East Coast faces faster sea level rise

Cities from North Carolina to Massachusetts see waters rising more rapidly

Property values aren’t all that’s been rising in Manhattan. The height of the water lapping up against the Big Apple and many East Coast cities has been creeping up faster in recent decades.

Tide gauge measurements from 1950 to 2009 revealed spots along the East Coast where sea levels rose faster in recent decades (redder means more acceleration). Sallenger et al/Nature Climate Change 2012

“We have direct evidence of a hot spot stretching from Cape Hatteras in North Carolina to just above Boston,” says Asbury Sallenger Jr., an oceanographer at the U.S. Geological Survey’s St. Petersburg Coastal and Marine Science Center in Florida. “The area has an unusual sea level rise acceleration compared to the rest of the United States.”

Global warming could be driving the acceleration, researchers report online June 24 in Nature Climate Change. With temperatures still climbing, further ocean rises could increase the risk of flooding, encroach on wetlands and give hurricane storm surges extra punch.

Climate change has, on average, raised the surface of the world’s oceans in recent decades by melting glaciers and causing seawater to expand as it warms. But the rise hasn’t been uniform, like water filling a bathtub. It has happened at different speeds in different places, thanks to wind patterns, currents and other regional factors that shape ocean surfaces.

Sallenger and colleagues studied the situation on the East Coast using 60 years of data collected by sensors floating in the Atlantic Ocean.
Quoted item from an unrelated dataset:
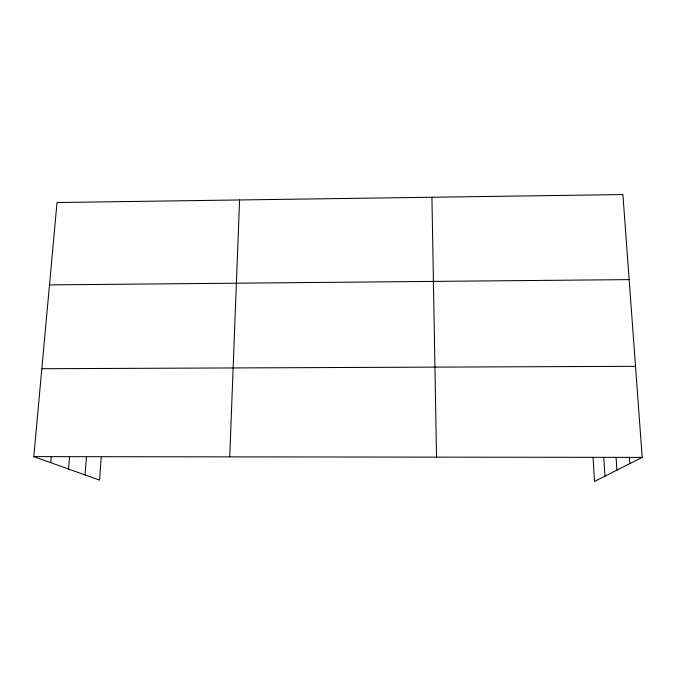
<?xml version="1.0" encoding="UTF-8"?>
<svg xmlns="http://www.w3.org/2000/svg" width="676" height="676" viewBox="0 0 676 676"><rect width="100%" height="100%" fill="white"/><g stroke="black" fill="none" stroke-linecap="round" stroke-linejoin="round"><path stroke-width="1.01" d="M229.73 456.866L239.574 199.961M101.231 457.094L99.549 480.104L33.8 456.613L57.021 202.538L622.909 194.561L642.2 457.398L594.525 481.439L593.072 457.356M85.058 474.924L86.503 456.266M68.546 469.026L69.56 456.613M50.725 462.654L51.258 456.444M49.492 284.9L629.153 279.619M41.836 368.716L635.516 366.316M33.8 456.613L642.2 457.398M629.424 457.339L629.863 463.618M616.09 457.644L616.918 470.141M603.795 457.432L604.969 476.166M431.93 197.257L436.527 457.128"/></g></svg>

From 1980 to 2009, sea levels along about 1,000 kilometers of coast rose faster than from 1950 to 1979 — a gain in speed of about 2 millimeters per year, or about three to four times the average global acceleration.

If this acceleration continues at its current rate, New York City would be on track for up to 29 centimeters of sea level rise by 2100. That’s in line with previous predictions from a simulation based on probable climate change scenarios.

Long-term climate trends may have created this hot spot by changing ocean currents, says Sallenger. With the atmosphere heating, parts of the North Atlantic have warmed and freshened. Computer simulations suggest the decreasing density of these waters could weaken the powerful Gulf Stream and North Atlantic Current, which keep water away from the East Coast.

But don’t sell your beachfront property quite yet. This theory lacks the support of actual measurements that show a waning of ocean circulation. Some scientists credit the sea level speedup to weather patterns that could soon reverse.

The recent trend may reflect fluctuations in pressure or temperature that oscillate over decades, says James Houston, director emeritus of the U.S. Army Corps of Engineers’ Engineer Research and Development Center in Vicksburg, Miss. Sea levels along the East Coast fell before 1960, he says, and may very well do so again.

“If the paper would have been written in 1960 … it would probably have concluded that there was a cold spot,” says Houston. “We may be back to a cold spot from 2010 to 2039.”